Here is what I mean…your ability to see, receive, and accept love from others is a healthy sign of you actually loving yourself. Because you genuinely believe that you deserve that love. In other words, it is not the love of others that forms the basis of or nourishes your self-love.
Being able to see your self-worth reflected in the world around you indicates a state of self-worth. So seeing love in several places is a direct result of an inner belief of worthiness of love.
If you set out in the world to see love, you will see it. And if you set out in the world to see lack of love, you will see the absence instead.
Boundaries are not about what you are protecting yourself from. They are about what you are protecting within yourself.
I’m not positive all the time. Negative thoughts visit me. Negative feelings visit me. And instead of pretending they’re not there or ignoring them, I actually listen to them and try to understand where they’re coming from, whether I choose to continue to think or feel them (which I rarely do), and then I let them go.

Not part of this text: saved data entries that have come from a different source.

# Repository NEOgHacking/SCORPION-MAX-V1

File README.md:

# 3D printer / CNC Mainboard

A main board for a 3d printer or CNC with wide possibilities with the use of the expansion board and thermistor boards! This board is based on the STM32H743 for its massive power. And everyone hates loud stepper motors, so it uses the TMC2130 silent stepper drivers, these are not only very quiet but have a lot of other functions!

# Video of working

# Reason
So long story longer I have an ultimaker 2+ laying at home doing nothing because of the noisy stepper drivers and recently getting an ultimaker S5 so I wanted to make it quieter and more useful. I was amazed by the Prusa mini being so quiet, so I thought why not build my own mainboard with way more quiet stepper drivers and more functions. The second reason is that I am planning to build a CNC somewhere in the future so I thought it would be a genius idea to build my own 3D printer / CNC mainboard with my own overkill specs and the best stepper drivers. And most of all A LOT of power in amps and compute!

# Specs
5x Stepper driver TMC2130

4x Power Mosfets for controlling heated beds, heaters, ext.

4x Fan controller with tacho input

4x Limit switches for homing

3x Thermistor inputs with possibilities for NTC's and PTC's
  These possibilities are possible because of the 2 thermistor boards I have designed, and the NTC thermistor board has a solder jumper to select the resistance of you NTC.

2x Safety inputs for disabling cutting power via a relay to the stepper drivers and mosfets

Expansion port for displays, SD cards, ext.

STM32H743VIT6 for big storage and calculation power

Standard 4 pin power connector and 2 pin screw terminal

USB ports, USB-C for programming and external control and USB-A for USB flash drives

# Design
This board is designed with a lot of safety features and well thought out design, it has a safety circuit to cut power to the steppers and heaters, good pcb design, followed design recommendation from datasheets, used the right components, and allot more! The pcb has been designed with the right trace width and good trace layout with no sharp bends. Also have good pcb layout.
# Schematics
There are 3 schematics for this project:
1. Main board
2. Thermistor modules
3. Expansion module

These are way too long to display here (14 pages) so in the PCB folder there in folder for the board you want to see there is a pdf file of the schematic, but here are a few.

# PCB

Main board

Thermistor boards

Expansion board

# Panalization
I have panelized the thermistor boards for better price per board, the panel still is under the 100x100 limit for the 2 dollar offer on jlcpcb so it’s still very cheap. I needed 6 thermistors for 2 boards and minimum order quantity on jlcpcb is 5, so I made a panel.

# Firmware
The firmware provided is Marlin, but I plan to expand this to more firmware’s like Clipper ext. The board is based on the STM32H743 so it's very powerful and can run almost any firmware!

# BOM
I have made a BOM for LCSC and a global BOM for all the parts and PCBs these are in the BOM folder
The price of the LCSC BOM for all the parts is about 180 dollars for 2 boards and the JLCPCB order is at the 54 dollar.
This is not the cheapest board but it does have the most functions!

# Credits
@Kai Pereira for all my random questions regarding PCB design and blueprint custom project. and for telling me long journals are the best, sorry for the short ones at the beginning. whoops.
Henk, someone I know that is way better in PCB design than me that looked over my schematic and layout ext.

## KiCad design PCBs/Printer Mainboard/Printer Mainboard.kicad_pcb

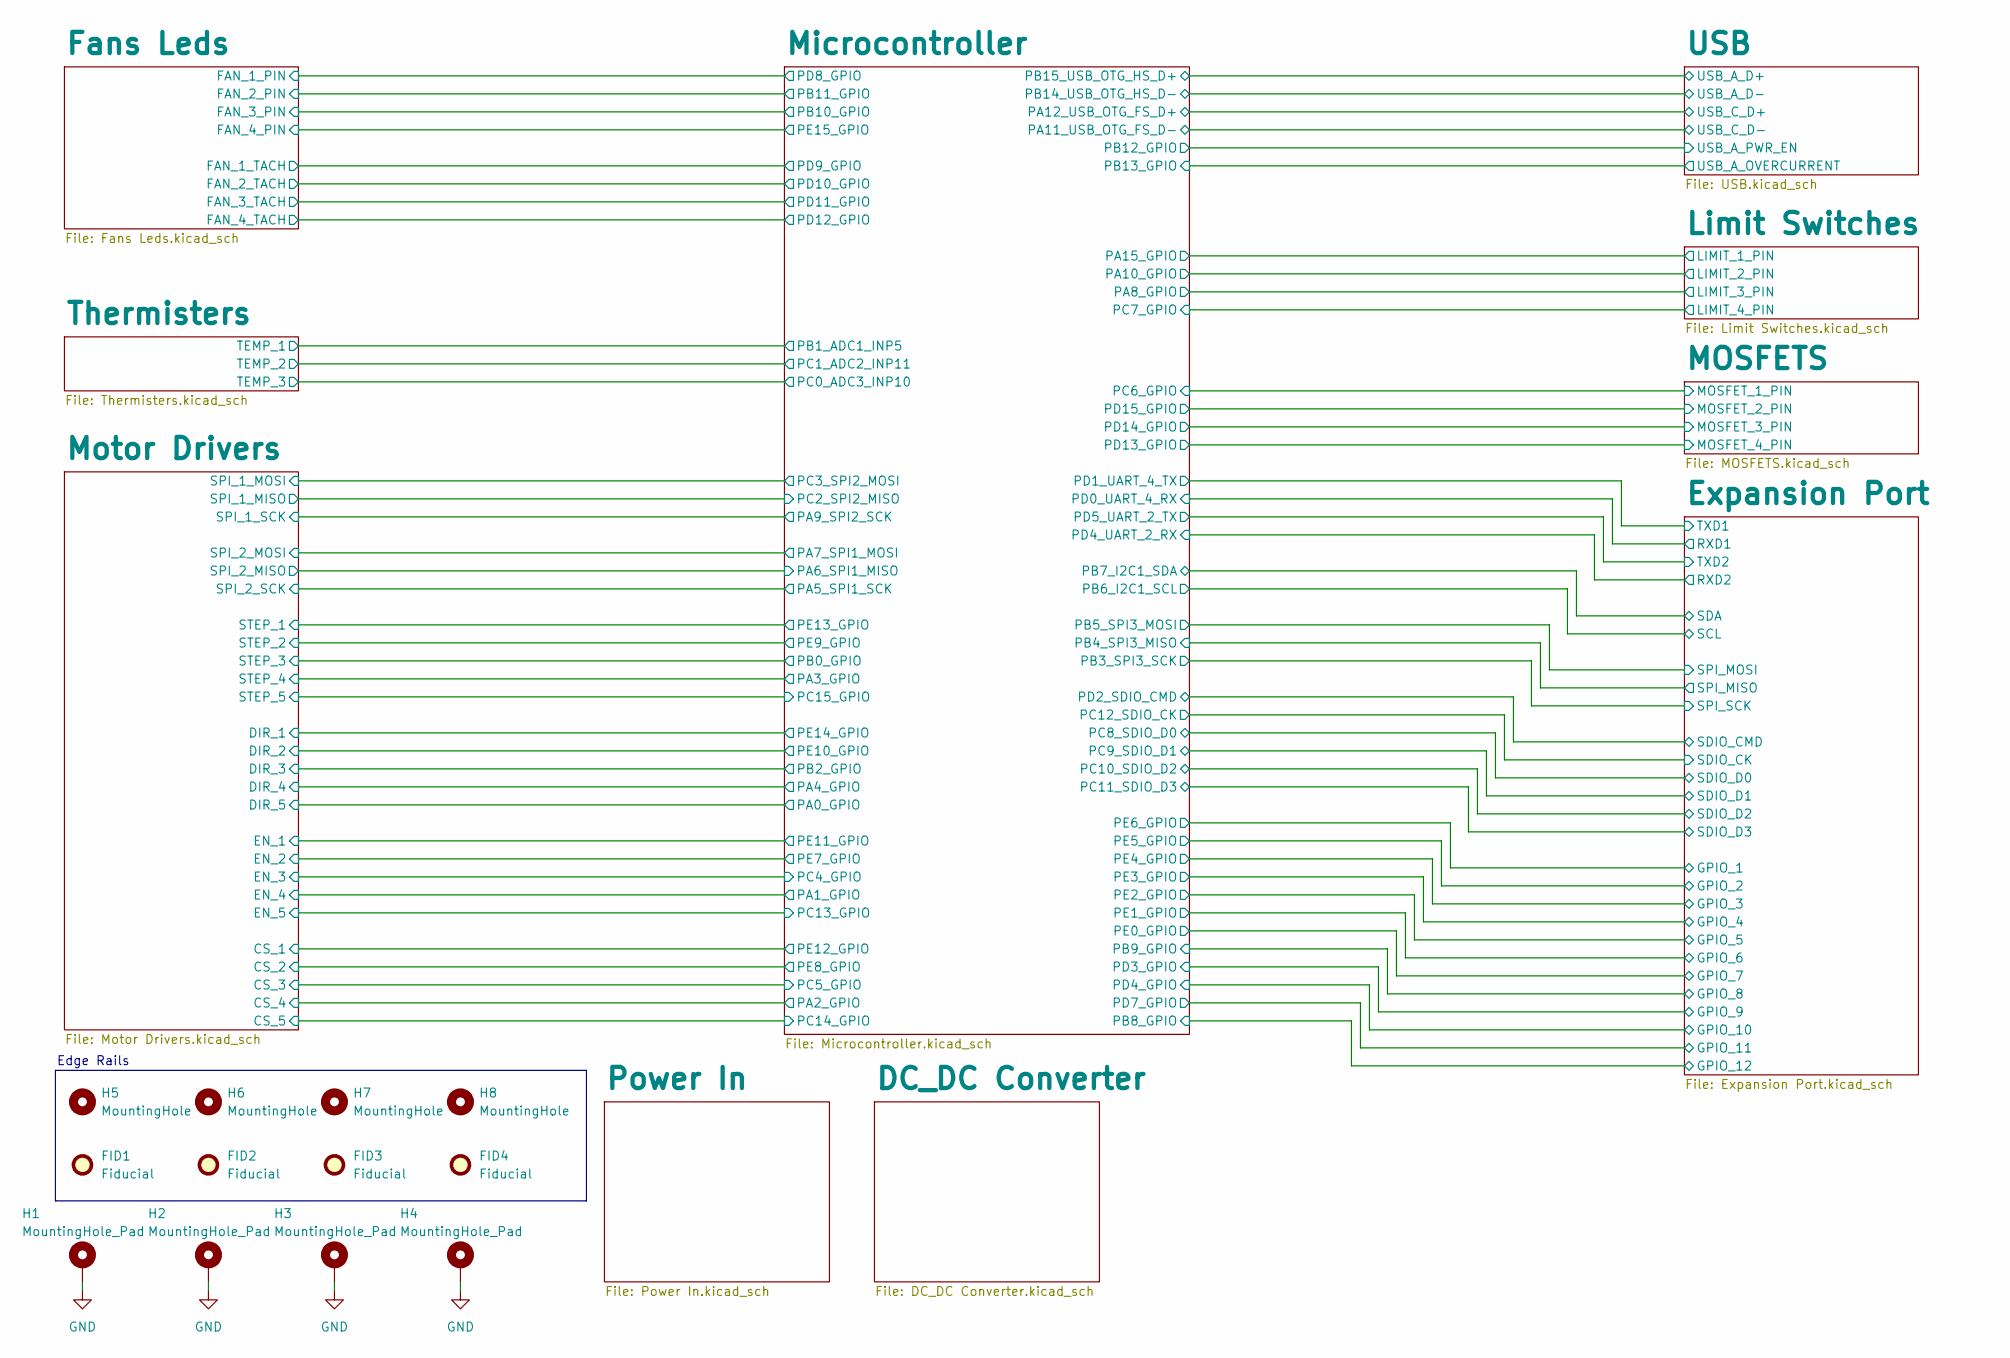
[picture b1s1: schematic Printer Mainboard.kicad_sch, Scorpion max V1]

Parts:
FID1, FID2, FID3, FID4: Fiducial; Fiducial_0.5mm_Mask1.5mm
H1, H2, H3, H4: MountingHole_Pad; MountingHole_3.2mm_M3_Pad
H5, H6, H7, H8: MountingHole; MountingHole_2mm

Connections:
GND: H1.1, H2.1, H3.1, H4.1; also elsewhere on the board

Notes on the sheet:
Edge Rails

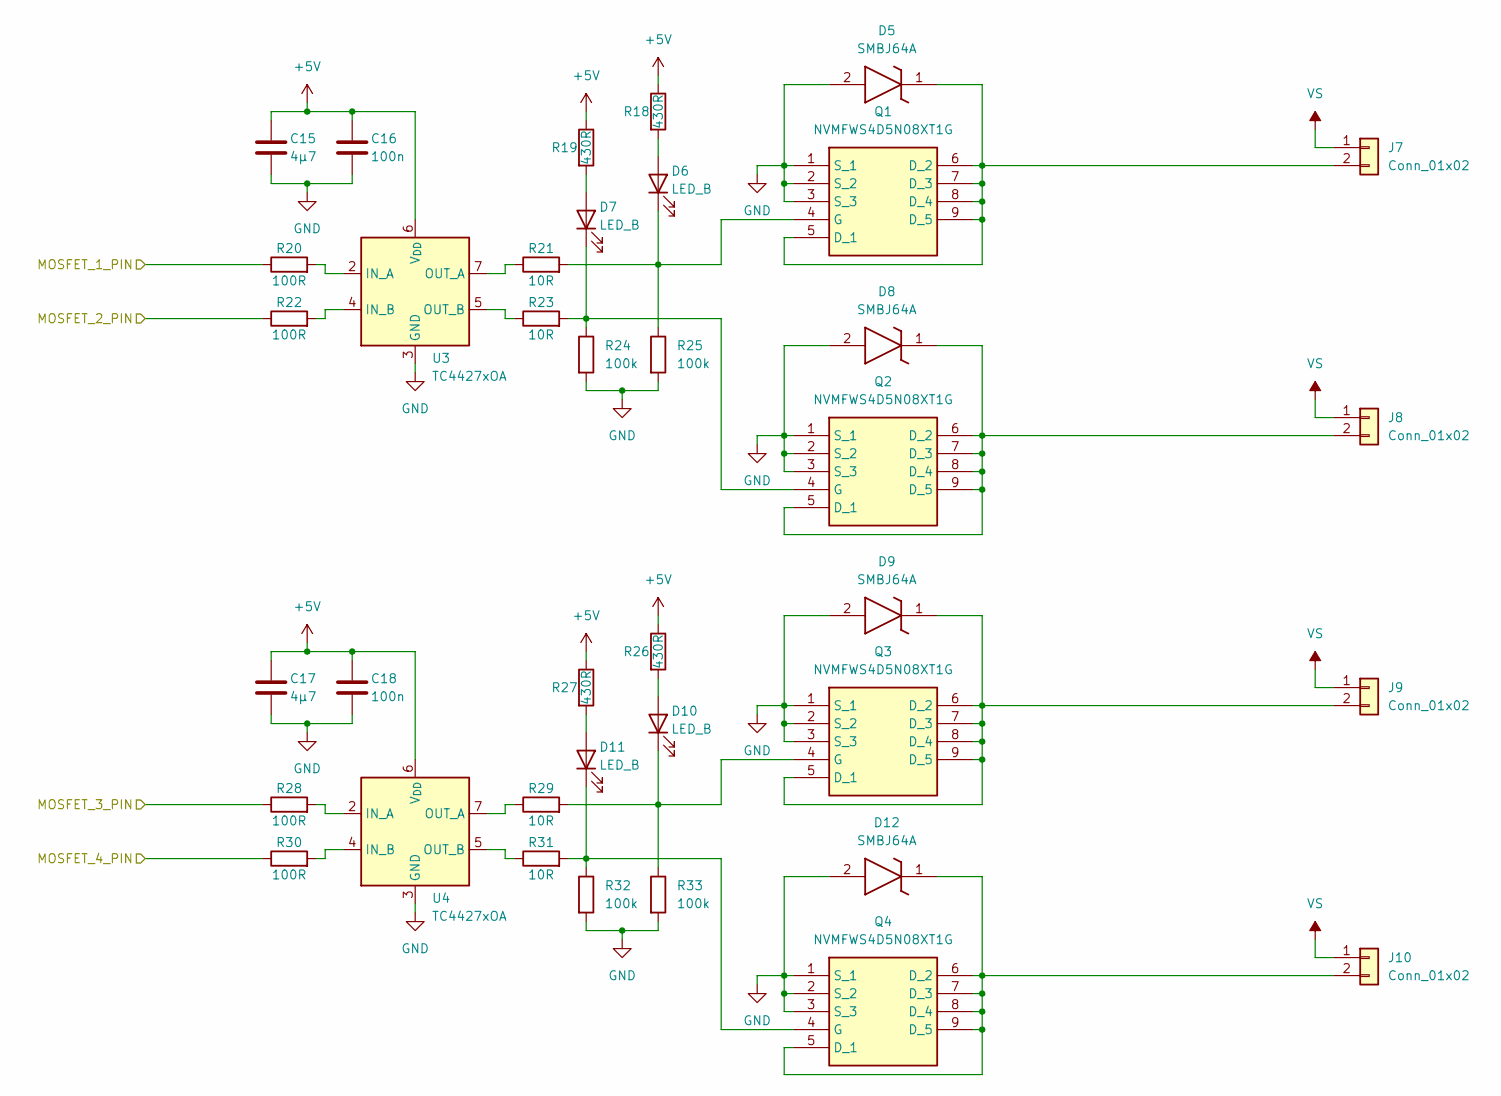
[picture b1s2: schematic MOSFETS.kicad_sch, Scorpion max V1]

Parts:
C15, C17: 4μ7; C_0805_2012Metric
C16, C18: 100n; C_0603_1608Metric
D5, D8, D9, D12: SMBJ64A; DIOM5436X250N; Manufacturer_Part_Number SMBJ64A
D6, D7, D10, D11: LED_B; LED_0603_1608Metric
J7, J8, J9, J10: Conn_01x02; CONN-TH_2P-P5.08_2EDG-5.08-2AW
Q1, Q2, Q3, Q4: NVMFWS4D5N08XT1G; NVMFS5C460NWFT1G; Mouser Part Number 863-NVMFWS4D5N08XT1G
R18, R19, R26, R27: 430R; R_0603_1608Metric
R20, R22, R28, R30: 100R; R_0603_1608Metric
R21, R23, R29, R31: 10R; R_0805_2012Metric
R24, R25, R32, R33: 100k; R_0603_1608Metric
U3, U4: TC4427xOA; SOIC-8_3.9x4.9mm_P1.27mm

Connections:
+5V: C15.1, C16.1, C17.1, C18.1, R18.1, R19.1, R26.1, R27.1, U3.6 (V_{DD}), U4.6 (V_{DD}); also elsewhere on the board
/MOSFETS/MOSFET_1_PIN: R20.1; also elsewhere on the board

I am the only person in charge of loving myself. I will see evidence of love throughout my day. I am my number one priority. I deserve my own love. Loving myself means being at home with myself. My whole power is inside of me. Today I will answer my own call for love. I understand that I might have moments of falling back into old habits rooted in self-hate or unworthiness, but I promise myself to practice self-love any moment I become aware of my own negative self-talk.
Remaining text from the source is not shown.